Records excerpted from a collection:
Content starts
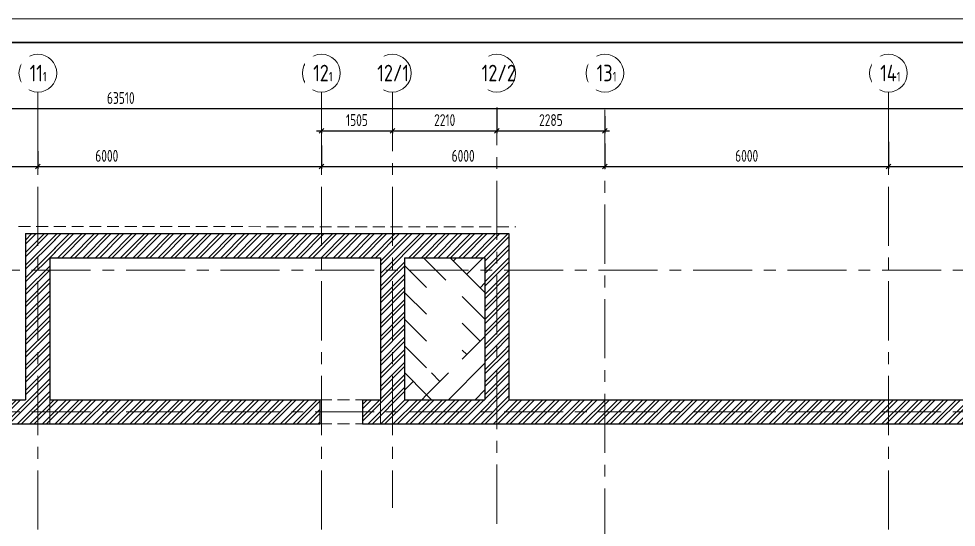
# Model space of a CAD drawing. Header units: millimetres. Extents: x -434100 to 9270898, y 0 to 249028.
# Drawn here: x -323577 to -303737, y 125164 to 135913 of the extents above; entities that cross this region are included whole.
import ezdxf

# ---------------------------------------------------------------- set-up
doc = ezdxf.new("R2010")
doc.units = ezdxf.units.MM
doc.header["$MEASUREMENT"] = 0
for name, pattern in [('ADSK_Скрыто', [6, 3, -3]), ('CENTER', [2, 1.25, -0.25, 0.25, -0.25]), ('TRATTEGGIATA', [0.75, 0.5, -0.25])]:
    doc.linetypes.add(name, pattern=pattern)
doc.layers.get('0').update_dxf_attribs({"color": 250, "lineweight": 9})
for name, color, linetype, lineweight in [('1 этаж тонкие линии!', 250, 'Continuous', 0), ('_Скрыто_', 7, 'ADSK_Скрыто', 9), ('АР_МосжилНии_Стены', 127, 'Continuous', 30), ('АР_Оси', 195, 'Continuous', 9), ('АР_Оси размеры', 164, 'Continuous', 9), ('АР_Штриховка кирпич', 250, 'Continuous', 9)]:
    doc.layers.add(name, color=color, linetype=linetype, lineweight=lineweight)
doc.styles.add('GOST', font='isocpeur.TTF')
doc.styles.add('ГОСТ 2.304', font='isocpeur.TTF', dxfattribs={"width": 0.7})
doc.dimstyles.new('СПДС', dxfattribs={"dimscale": 100, "dimtxt": 2.5, "dimasz": 2.5, "dimexe": 1.5, "dimexo": 0, "dimgap": 1, "dimtad": 1, "dimdec": 0, "dimrnd": 1, "dimtxsty": 'ГОСТ 2.304', "dimblk": 'OBLIQUE', "dimcen": 2.5, "dimdle": 1.5, "dimadec": 0, "dimazin": 2, "dimtfac": 0.75, "dimtdec": 0, "dimtmove": 1, "dimatfit": 3, "dimfxl": 1, "dimtolj": 1, "dimarcsym": 1})
pattern_1 = [(45, (-15289.26513409219, 0), (-132.5825214724777, 132.5825214724777), []), (45, (-15200.87678659218, 0), (-132.5825214724777, 132.5825214724777), [])]

# ---------------------------------------------------------------- blocks, each defined once
blk = doc.blocks.new('_Oblique')
at = {"color": 0, "linetype": 'ByBlock', "lineweight": -2}
blk.add_line((-0.5, -0.5), (0.5, 0.5), dxfattribs=at)
blk = doc.blocks.new('*D534')
at = {"layer": 'АР_Оси размеры', "color": 0, "lineweight": -2, "ltscale": 100, "transparency": 16777216}
for p, q in [((-326172.0711264504, 133082.3621719768), (-326172.0711264504, 132740.7840057369)), ((-323172.0711264503, 133082.4962742329), (-323172.0711264503, 132740.7840057369)), ((-326272.0711264504, 132790.7840057369), (-323072.0711264503, 132790.7840057369))]:
    blk.add_line(p, q, dxfattribs=at)
at = {"layer": 'АР_Оси размеры', "color": 0, "lineweight": -2, "ltscale": 100, "transparency": 16777216, "xscale": 100, "yscale": 100, "zscale": 100, "rotation": 180}
blk.add_blockref('_Oblique', (-326172.0711264504, 132790.7840057369), dxfattribs=at)
at = {"layer": 'АР_Оси размеры', "color": 0, "lineweight": -2, "ltscale": 100, "transparency": 16777216, "xscale": 100, "yscale": 100, "zscale": 100}
blk.add_blockref('_Oblique', (-323172.0711264503, 132790.7840057369), dxfattribs=at)
at = {"layer": 'АР_Оси размеры', "color": 0, "ltscale": 100, "transparency": 16777216, "insert": (-324672.0711264504, 133015.7840057369), "char_height": 250, "attachment_point": 5, "style": 'ГОСТ 2.304'}
blk.add_mtext('\\A1;3000', dxfattribs=at)
blk = doc.blocks.new('*D535')
at = {"layer": 'АР_Оси размеры', "color": 0, "lineweight": -2, "ltscale": 100, "transparency": 16777216}
for p, q in [((-317172.0711264502, 133233.1120532718), (-317172.0711264502, 132740.7840057369)), ((-323172.0711264503, 133113.6289155171), (-323172.0711264503, 132740.7840057369)), ((-323272.0711264503, 132790.7840057369), (-317072.0711264502, 132790.7840057369))]:
    blk.add_line(p, q, dxfattribs=at)
at = {"layer": 'АР_Оси размеры', "color": 0, "lineweight": -2, "ltscale": 100, "transparency": 16777216, "xscale": 100, "yscale": 100, "zscale": 100, "rotation": 180}
blk.add_blockref('_Oblique', (-323172.0711264503, 132790.7840057369), dxfattribs=at)
at = {"layer": 'АР_Оси размеры', "color": 0, "lineweight": -2, "ltscale": 100, "transparency": 16777216, "xscale": 100, "yscale": 100, "zscale": 100}
blk.add_blockref('_Oblique', (-317172.0711264502, 132790.7840057369), dxfattribs=at)
at = {"layer": 'АР_Оси размеры', "color": 0, "ltscale": 100, "transparency": 16777216, "insert": (-321713.4992563217, 133015.7840057369), "char_height": 250, "attachment_point": 5, "style": 'ГОСТ 2.304'}
blk.add_mtext('\\A1;6000', dxfattribs=at)
blk = doc.blocks.new('*D536')
at = {"layer": 'АР_Оси размеры', "color": 0, "lineweight": -2, "ltscale": 100, "transparency": 16777216}
for p, q in [((-317172.0711264502, 133201.9794119876), (-317172.0711264502, 132740.7840057369)), ((-311172.0711264502, 133276.4416615684), (-311172.0711264502, 132740.7840057369)), ((-317272.0711264502, 132790.7840057369), (-311072.0711264502, 132790.7840057369))]:
    blk.add_line(p, q, dxfattribs=at)
at = {"layer": 'АР_Оси размеры', "color": 0, "lineweight": -2, "ltscale": 100, "transparency": 16777216, "xscale": 100, "yscale": 100, "zscale": 100, "rotation": 180}
blk.add_blockref('_Oblique', (-317172.0711264502, 132790.7840057369), dxfattribs=at)
at = {"layer": 'АР_Оси размеры', "color": 0, "lineweight": -2, "ltscale": 100, "transparency": 16777216, "xscale": 100, "yscale": 100, "zscale": 100}
blk.add_blockref('_Oblique', (-311172.0711264502, 132790.7840057369), dxfattribs=at)
at = {"layer": 'АР_Оси размеры', "color": 0, "ltscale": 100, "transparency": 16777216, "insert": (-314172.0711264502, 133015.7840057369), "char_height": 250, "attachment_point": 5, "style": 'ГОСТ 2.304'}
blk.add_mtext('\\A1;6000', dxfattribs=at)
blk = doc.blocks.new('*D537')
at = {"layer": 'АР_Оси размеры', "color": 0, "lineweight": -2, "ltscale": 100, "transparency": 16777216}
for p, q in [((-311172.0711264502, 133276.4416615684), (-311172.0711264502, 132740.7840057369)), ((-305172.0711264501, 133313.4459957792), (-305172.0711264501, 132740.7840057369)), ((-311272.0711264502, 132790.7840057369), (-305072.0711264501, 132790.7840057369))]:
    blk.add_line(p, q, dxfattribs=at)
at = {"layer": 'АР_Оси размеры', "color": 0, "lineweight": -2, "ltscale": 100, "transparency": 16777216, "xscale": 100, "yscale": 100, "zscale": 100, "rotation": 180}
blk.add_blockref('_Oblique', (-311172.0711264502, 132790.7840057369), dxfattribs=at)
at = {"layer": 'АР_Оси размеры', "color": 0, "lineweight": -2, "ltscale": 100, "transparency": 16777216, "xscale": 100, "yscale": 100, "zscale": 100}
blk.add_blockref('_Oblique', (-305172.0711264501, 132790.7840057369), dxfattribs=at)
at = {"layer": 'АР_Оси размеры', "color": 0, "ltscale": 100, "transparency": 16777216, "insert": (-308172.0711264501, 133015.7840057369), "char_height": 250, "attachment_point": 5, "style": 'ГОСТ 2.304'}
blk.add_mtext('\\A1;6000', dxfattribs=at)
blk = doc.blocks.new('*D538')
at = {"layer": 'АР_Оси размеры', "color": 0, "lineweight": -2, "ltscale": 100, "transparency": 16777216}
for p, q in [((-305172.0711264501, 133313.4459957792), (-305172.0711264501, 132740.7840057369)), ((-299172.0711264501, 133242.7622744627), (-299172.0711264501, 132740.7840057369)), ((-305272.0711264501, 132790.7840057369), (-299072.0711264501, 132790.7840057369))]:
    blk.add_line(p, q, dxfattribs=at)
at = {"layer": 'АР_Оси размеры', "color": 0, "lineweight": -2, "ltscale": 100, "transparency": 16777216, "xscale": 100, "yscale": 100, "zscale": 100, "rotation": 180}
blk.add_blockref('_Oblique', (-305172.0711264501, 132790.7840057369), dxfattribs=at)
at = {"layer": 'АР_Оси размеры', "color": 0, "lineweight": -2, "ltscale": 100, "transparency": 16777216, "xscale": 100, "yscale": 100, "zscale": 100}
blk.add_blockref('_Oblique', (-299172.0711264501, 132790.7840057369), dxfattribs=at)
at = {"layer": 'АР_Оси размеры', "color": 0, "ltscale": 100, "transparency": 16777216, "insert": (-302172.0711264501, 133015.7840057369), "char_height": 250, "attachment_point": 5, "style": 'ГОСТ 2.304'}
blk.add_mtext('\\A1;6000', dxfattribs=at)
blk = doc.blocks.new('*D541')
at = {"layer": 'АР_Оси размеры', "color": 0, "lineweight": -2, "ltscale": 100, "transparency": 16777216}
for p, q in [((-317272.0711264502, 133546.6513644527), (-315567.0711264503, 133546.6513644527)), ((-317172.0711264502, 133515.9719497366), (-317172.0711264502, 133496.6513644527)), ((-315667.0711264503, 133515.9719497366), (-315667.0711264503, 133496.6513644527))]:
    blk.add_line(p, q, dxfattribs=at)
at = {"layer": 'АР_Оси размеры', "color": 0, "lineweight": -2, "ltscale": 100, "transparency": 16777216, "xscale": 100, "yscale": 100, "zscale": 100, "rotation": 180}
blk.add_blockref('_Oblique', (-317172.0711264502, 133546.6513644527), dxfattribs=at)
at = {"layer": 'АР_Оси размеры', "color": 0, "lineweight": -2, "ltscale": 100, "transparency": 16777216, "xscale": 100, "yscale": 100, "zscale": 100}
blk.add_blockref('_Oblique', (-315667.0711264503, 133546.6513644527), dxfattribs=at)
at = {"layer": 'АР_Оси размеры', "color": 0, "ltscale": 100, "transparency": 16777216, "insert": (-316419.5711264503, 133771.6513644527), "char_height": 250, "attachment_point": 5, "style": 'ГОСТ 2.304'}
blk.add_mtext('\\A1;1505', dxfattribs=at)
blk = doc.blocks.new('*D542')
at = {"layer": 'АР_Оси размеры', "color": 0, "lineweight": -2, "ltscale": 100, "transparency": 16777216}
for p, q in [((-313457.0711264503, 134037.6356407655), (-313457.0711264503, 133496.6513644527)), ((-315767.0711264503, 133546.6513644527), (-313357.0711264503, 133546.6513644527)), ((-315667.0711264503, 133515.9719497366), (-315667.0711264503, 133496.6513644527))]:
    blk.add_line(p, q, dxfattribs=at)
at = {"layer": 'АР_Оси размеры', "color": 0, "lineweight": -2, "ltscale": 100, "transparency": 16777216, "xscale": 100, "yscale": 100, "zscale": 100, "rotation": 180}
blk.add_blockref('_Oblique', (-315667.0711264503, 133546.6513644527), dxfattribs=at)
at = {"layer": 'АР_Оси размеры', "color": 0, "lineweight": -2, "ltscale": 100, "transparency": 16777216, "xscale": 100, "yscale": 100, "zscale": 100}
blk.add_blockref('_Oblique', (-313457.0711264503, 133546.6513644527), dxfattribs=at)
at = {"layer": 'АР_Оси размеры', "color": 0, "ltscale": 100, "transparency": 16777216, "insert": (-314562.0711264503, 133771.6513644527), "char_height": 250, "attachment_point": 5, "style": 'ГОСТ 2.304'}
blk.add_mtext('\\A1;2210', dxfattribs=at)
blk = doc.blocks.new('*D543')
at = {"layer": 'АР_Оси размеры', "color": 0, "lineweight": -2, "ltscale": 100, "transparency": 16777216}
for p, q in [((-313457.0711264503, 134037.6356407655), (-313457.0711264503, 133496.6513644527)), ((-311172.0711264502, 133854.087122432), (-311172.0711264502, 133496.6513644527)), ((-313557.0711264503, 133546.6513644527), (-311072.0711264502, 133546.6513644527))]:
    blk.add_line(p, q, dxfattribs=at)
at = {"layer": 'АР_Оси размеры', "color": 0, "lineweight": -2, "ltscale": 100, "transparency": 16777216, "xscale": 100, "yscale": 100, "zscale": 100, "rotation": 180}
blk.add_blockref('_Oblique', (-313457.0711264503, 133546.6513644527), dxfattribs=at)
at = {"layer": 'АР_Оси размеры', "color": 0, "lineweight": -2, "ltscale": 100, "transparency": 16777216, "xscale": 100, "yscale": 100, "zscale": 100}
blk.add_blockref('_Oblique', (-311172.0711264502, 133546.6513644527), dxfattribs=at)
at = {"layer": 'АР_Оси размеры', "color": 0, "ltscale": 100, "transparency": 16777216, "insert": (-312314.5711264503, 133771.6513644527), "char_height": 250, "attachment_point": 5, "style": 'ГОСТ 2.304'}
blk.add_mtext('\\A1;2285', dxfattribs=at)
blk = doc.blocks.new('*D544')
at = {"layer": 'АР_Оси размеры', "color": 0, "lineweight": -2, "ltscale": 100, "transparency": 16777216}
blk.add_line((-353272.0711264506, 134013.1513644527), (-289562.0711264502, 134013.1513644527), dxfattribs=at)
at = {"layer": 'АР_Оси размеры', "color": 0, "lineweight": -2, "ltscale": 100, "transparency": 16777216, "xscale": 100, "yscale": 100, "zscale": 100, "rotation": 180}
blk.add_blockref('_Oblique', (-353172.0711264506, 134013.1513644527), dxfattribs=at)
at = {"layer": 'АР_Оси размеры', "color": 0, "lineweight": -2, "ltscale": 100, "transparency": 16777216, "xscale": 100, "yscale": 100, "zscale": 100}
blk.add_blockref('_Oblique', (-289662.0711264502, 134013.1513644527), dxfattribs=at)
at = {"layer": 'АР_Оси размеры', "color": 0, "ltscale": 100, "transparency": 16777216, "insert": (-321417.0711264504, 134238.1513644527), "char_height": 250, "attachment_point": 5, "style": 'ГОСТ 2.304'}
blk.add_mtext('\\A1;63510', dxfattribs=at)
blk = doc.blocks.new('*U2394')
at = {"color": 44, "lineweight": 20, "ltscale": 10}
blk.add_line((1189, 841), (-1.4210854715202e-14, 841), dxfattribs=at)
at = {"color": 137, "lineweight": 35, "ltscale": 10}
blk.add_line((1184, 836), (19.99999999999999, 836), dxfattribs=at)
at = {"color": 44, "lineweight": 13, "style": 'GOST', "oblique": 10, "width": 0.8}
for tag in ['ФОРМАТВЕРТ', 'ФОРМАТГОРИЗ']:
    blk.add_attdef(tag, (1137.981597158445, 1.59515299011116), '', height=2, dxfattribs=at)

msp = doc.modelspace()

# ---------------------------------------------------------------- hatches: boundary and pattern name
at = {"layer": '1 этаж тонкие линии!', "ltscale": 100, "transparency": 33554559}
h = msp.add_hatch(dxfattribs=at)
h.set_pattern_fill('AR-PARQ1', scale=200, angle=45, style=0)
h.set_pattern_definition([(135, (-16265.15391034249, 60080.99449651592), (-3394.112549695428, 0), [2400, -2400]), (135, (-15982.31119786787, 60363.83720899053), (-3394.112549695428, 0), [2400, -2400]), (135, (-15699.46848539325, 60646.67992146517), (-3394.112549695428, 0), [2400, -2400]), (135, (-15416.62577291863, 60929.52263393978), (-3394.112549695428, 0), [2400, -2400]), (135, (-15133.78306044401, 61212.36534641439), (-3394.112549695428, 0), [2400, -2400]), (135, (-14850.94034796939, 61495.20805888902), (-3394.112549695428, 0), [2400, -2400]), (135, (-14568.09763549477, 61778.05077136363), (-3394.112549695428, 0), [2400, -2400]), (45, (-17962.2101851902, 61778.05077136363), (3394.112549695428, 0), [2400, -2400]), (45, (-18245.05289766482, 62060.89348383827), (3394.112549695428, 0), [2400, -2400]), (45, (-18527.89561013944, 62343.73619631288), (3394.112549695428, 0), [2400, -2400]), (45, (-18810.73832261406, 62626.57890878749), (3394.112549695428, 0), [2400, -2400]), (45, (-19093.58103508868, 62909.42162126212), (3394.112549695428, 0), [2400, -2400]), (45, (-19376.4237475633, 63192.26433373673), (3394.112549695428, 0), [2400, -2400]), (45, (-19659.26646003791, 63475.10704621134), (3394.112549695428, 0), [2400, -2400])])
h.paths.add_polyline_path([(-314949.2103927508, 130386.0050080919), (-314192.9114980185, 130386.0050080919), (-314192.9114980185, 128428.118119206), (-314949.2103927508, 128428.118119206)], flags=16)
h.paths.add_polyline_path([(-315412.0711264503, 130860.6824583525), (-313712.0711264503, 130860.6824583525), (-313712.0711264503, 127860.6824583525), (-315412.0711264503, 127860.6824583525)])
at = {"layer": 'АР_Штриховка кирпич', "ltscale": 100}
h = msp.add_hatch(dxfattribs=at)
h.set_pattern_fill('ANSI32', color=256, scale=500)
h.set_pattern_definition(pattern_1)
h.paths.add_polyline_path([(-322802.0711264503, 131370.6824583525), (-323432.0711264503, 131370.6824583526), (-323432.0711264503, 127860.6824583525), (-323932.0711264503, 127860.6824583525), (-323932.0711264504, 127350.6824583522), (-317202.7324188131, 127350.6824583525), (-317202.7324188131, 127860.6824583525), (-322922.0711264503, 127860.6824583525), (-322922.0711264503, 130860.6824583526), (-322802.0711264503, 130860.6824583526)])
h = msp.add_hatch(dxfattribs=at)
h.set_pattern_fill('ANSI32', color=256, scale=500)
h.set_pattern_definition(pattern_1)
h.paths.add_polyline_path([(-313815.1563156818, 128908.575797244), (-313852.1726745804, 128908.575797244)], flags=17)
h.paths.add_polyline_path([(-313202.0711264503, 128879.9246382833), (-313712.0711264503, 128879.9246382832), (-313712.0711264502, 127860.6824583526), (-315412.0711264505, 127860.6824583524), (-315412.0711264501, 130860.6824583525), (-313712.0711264503, 130860.6824583524), (-313712.0711264504, 128879.5162437226), (-313202.0711264505, 128880.3330328439), (-313202.0711264503, 131370.6824583525), (-322816.7883655853, 131370.6824583525), (-322816.7883655853, 130860.6824583524), (-315922.0711264503, 130860.6824583526), (-315922.0711264503, 127860.6824583524), (-316302.362170747, 127860.6824583526), (-316302.362170747, 127350.6824583525), (-315691.4786649445, 127350.6824583525), (-297132.0711264503, 127350.6824583525), (-297132.0711264503, 127741.7686386207), (-297067.0711264503, 127741.7686386208), (-297067.0711264503, 127860.6824583424), (-313202.0711264503, 127860.6824583525)])

# ---------------------------------------------------------------- linework, layer by layer
at = {"linetype": 'TRATTEGGIATA', "ltscale": 500}
for p, q in [((-323580.9472342237, 131520.6825614583), (-313054.2476696038, 131515.6229537729)), ((-317202.7324188131, 127860.6824583525), (-316302.362170747, 127860.6824583525)), ((-317202.7324188132, 127350.6824583525), (-316303.2430895172, 127350.6824583525))]:
    msp.add_line(p, q, dxfattribs=at)
at = {"layer": '_Скрыто_', "lineweight": 13, "ltscale": 500}
msp.add_lwpolyline([(-340922.0711264507, 130350.6824583525), (-332422.0711264507, 130350.6824583525), (-332422.0711264507, 127350.6824583525), (-322922.0711264503, 127350.6824583525), (-322922.0711264503, 130860.6824583526), (-315922.0711264503, 130860.6824583526), (-315922.0711264503, 127350.6824583525), (-289912.0711264504, 127350.6824583527), (-289912.0711264503, 118850.6824583525), (-293422.0711264503, 118850.5846373593), (-293422.0711264503, 115850.6824583525), (-322954.7458678012, 115850.682458348), (-322963.1374101784, 114638.9582010313), (-323106.0017090878, 113589.0925293374), (-323374.2247012634, 112749.7597273316), (-323701.8796537609, 111724.4503489669), (-324535.6267941663, 110401.5820359358), (-325563.9558538816, 109149.2554275106), (-326742.8698415335, 108130.8374452427), (-328325.9878754732, 107085.4740826669), (-330860.8906078282, 106449.3163000794), (-331912.1922958228, 106369.373953908), (-332422.1922958228, 106369.373953908), (-332422.1922958228, 98935.68245835253)], dxfattribs=at)
at = {"layer": '_Скрыто_', "color": 240, "lineweight": 13, "ltscale": 500, "true_color": 0xed1f24}
msp.add_lwpolyline([(-293422.0536542289, 127350.6824583526), (-316302.3446985256, 127350.6824583525), (-316302.3446985256, 127860.6824583525), (-315922.0711264506, 127860.6824583525), (-315922.0711264503, 130860.6824583525), (-322922.0711264504, 130860.6824583526), (-322922.0536542289, 127860.6824583526), (-317202.7149465917, 127860.6824583526), (-317202.7149465916, 127350.6824583542), (-332422.0711264507, 127350.6824583525), (-332422.0711264507, 130350.6824583525), (-340922.0711264507, 130350.6824583525)], dxfattribs=at)
at = {"layer": 'АР_МосжилНии_Стены', "ltscale": 100}
for p, q in [((-323432.0711264503, 131370.6824583526), (-322802.0711264503, 131370.6824583526)), ((-323432.0711264503, 131370.6824583527), (-313202.0711264503, 131370.6824583525)), ((-323432.0711264503, 131370.6824583527), (-323432.0711264503, 127860.6824583525)), ((-313202.0711264503, 131370.6824583525), (-313202.0711264503, 128509.544517499)), ((-322922.0711264503, 130860.6824583526), (-322802.0711264503, 130860.6824583526)), ((-322922.0711264503, 130860.6824583525), (-315922.0711264503, 130860.6824583525)), ((-322922.0711264503, 130860.6824583525), (-322922.0711264503, 127860.6824583525)), ((-315922.0711264503, 130860.6824583525), (-315922.0711264503, 127860.6824583525)), ((-315412.0711264503, 130860.6824583525), (-313712.0711264503, 130860.6824583525)), ((-315412.0711264503, 130860.6824583525), (-315412.0711264503, 127860.6824583525)), ((-313712.0711264503, 130860.6824583525), (-313712.0711264503, 128509.544517499)), ((-313712.0711264503, 128908.575797244), (-313712.0711264503, 127860.6824583525)), ((-313202.0711264503, 128908.575797244), (-313202.0711264503, 127860.6824583525)), ((-323997.0711264504, 127860.6824583525), (-323432.0711264503, 127860.6824583525)), ((-322922.0711264503, 127860.6824583525), (-317202.7324188131, 127860.6824583525)), ((-317202.7324188132, 127860.6824583525), (-317202.7324188131, 127350.6824583525)), ((-316302.362170747, 127860.6824583525), (-315922.0711264503, 127860.6824583525)), ((-316302.362170747, 127860.6824583525), (-316302.362170747, 127350.6824583525)), ((-315412.0711264503, 127860.6824583525), (-313712.0711264503, 127860.6824583525)), ((-313202.0711264503, 127860.6824583525), (-299711.4886094069, 127860.6824583525)), ((-323932.0711264503, 127350.6824583525), (-322922.0711264503, 127350.6824583525)), ((-322922.0711264503, 127350.6824583525), (-317202.7324188132, 127350.6824583525)), ((-316302.362170747, 127350.6824583525), (-299776.4886094069, 127350.6824583525))]:
    msp.add_line(p, q, dxfattribs=at)
at = {"layer": 'АР_Оси', "linetype": 'CENTER', "ltscale": 1000}
for p, q in [((-323172.0711264503, 134363.1513644526), (-323172.0711264503, 78630.80280076223)), ((-317172.0711264502, 134363.1513644526), (-317172.0711264502, 78630.80280076223)), ((-315667.0711264503, 134363.1513644526), (-315667.0711264503, 125575.5572964447)), ((-305172.0711264501, 134363.1513644526), (-305172.0711264501, 78630.80280076223)), ((-313457.0711264503, 125238.7546628453), (-313457.0711264503, 133983.497747137)), ((-311172.0711264502, 133984.9486035834), (-311172.0711264502, 78252.60003989303)), ((-359305.7650579241, 130600.6824583525), (-276127.3630032049, 130600.6824583525)), ((-359305.7650579241, 127600.6824583525), (-276127.3630032049, 127600.6824583525))]:
    msp.add_line(p, q, dxfattribs=at)
at = {"layer": 'АР_Оси', "ltscale": 0.5}
for centre in [(-323172.0711264506, 134763.1513644527), (-317172.0711264504, 134763.1513644527), (-315672.0711264504, 134763.1513644527), (-313462.0711264504, 134763.1513644527), (-311172.0711264504, 134763.1513644527), (-305172.0711264503, 134763.1513644527)]:
    msp.add_circle(centre, 400, dxfattribs=at)

# ---------------------------------------------------------------- dimensions: what is measured, and where the dimension line sits
at = {"layer": 'АР_Оси размеры', "ltscale": 100}
for base, p1, p2, picture, middle in [((-315667.0711264503, 133546.6513644527), (-317172.0711264502, 133565.9719497366), (-315667.0711264503, 133565.9719497366), '*D541', (-316419.5711264503, 133771.6513644527)), ((-313457.0711264503, 133546.6513644527), (-315667.0711264503, 133565.9719497366), (-313457.0711264503, 134087.6356407655), '*D542', (-314562.0711264503, 133771.6513644527)), ((-311172.0711264502, 133546.6513644527), (-313457.0711264503, 134087.6356407655), (-311172.0711264502, 133904.087122432), '*D543', (-312314.5711264503, 133771.6513644527)), ((-311172.0711264502, 132790.7840057369), (-317172.0711264502, 133251.9794119876), (-311172.0711264502, 133326.4416615684), '*D536', (-314172.0711264502, 133015.7840057369)), ((-305172.0711264501, 132790.7840057369), (-311172.0711264502, 133326.4416615684), (-305172.0711264501, 133363.4459957792), '*D537', (-308172.0711264501, 133015.7840057369)), ((-299172.0711264501, 132790.7840057369), (-305172.0711264501, 133363.4459957792), (-299172.0711264501, 133292.7622744627), '*D538', (-302172.0711264501, 133015.7840057369)), ((-323172.0711264503, 132790.7840057369), (-326172.0711264504, 133132.3621719768), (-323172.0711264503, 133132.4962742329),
Content ends
Although the records above contain pictures, the copy should hold only the lines from their start through the line containing "doc.styles.add('GOST', font='isocpeur.TTF')", each exactly as written, and none of the pictures.

• Written answer:
# Model space of a CAD drawing. Header units: millimetres. Extents: x -434100 to 9270898, y 0 to 249028.
# Drawn here: x -323577 to -303737, y 125164 to 135913 of the extents above; entities that cross this region are included whole.
import ezdxf

# ---------------------------------------------------------------- set-up
doc = ezdxf.new("R2010")
doc.units = ezdxf.units.MM
doc.header["$MEASUREMENT"] = 0
for name, pattern in [('ADSK_Скрыто', [6, 3, -3]), ('CENTER', [2, 1.25, -0.25, 0.25, -0.25]), ('TRATTEGGIATA', [0.75, 0.5, -0.25])]:
    doc.linetypes.add(name, pattern=pattern)
doc.layers.get('0').update_dxf_attribs({"color": 250, "lineweight": 9})
for name, color, linetype, lineweight in [('1 этаж тонкие линии!', 250, 'Continuous', 0), ('_Скрыто_', 7, 'ADSK_Скрыто', 9), ('АР_МосжилНии_Стены', 127, 'Continuous', 30), ('АР_Оси', 195, 'Continuous', 9), ('АР_Оси размеры', 164, 'Continuous', 9), ('АР_Штриховка кирпич', 250, 'Continuous', 9)]:
    doc.layers.add(name, color=color, linetype=linetype, lineweight=lineweight)
doc.styles.add('GOST', font='isocpeur.TTF')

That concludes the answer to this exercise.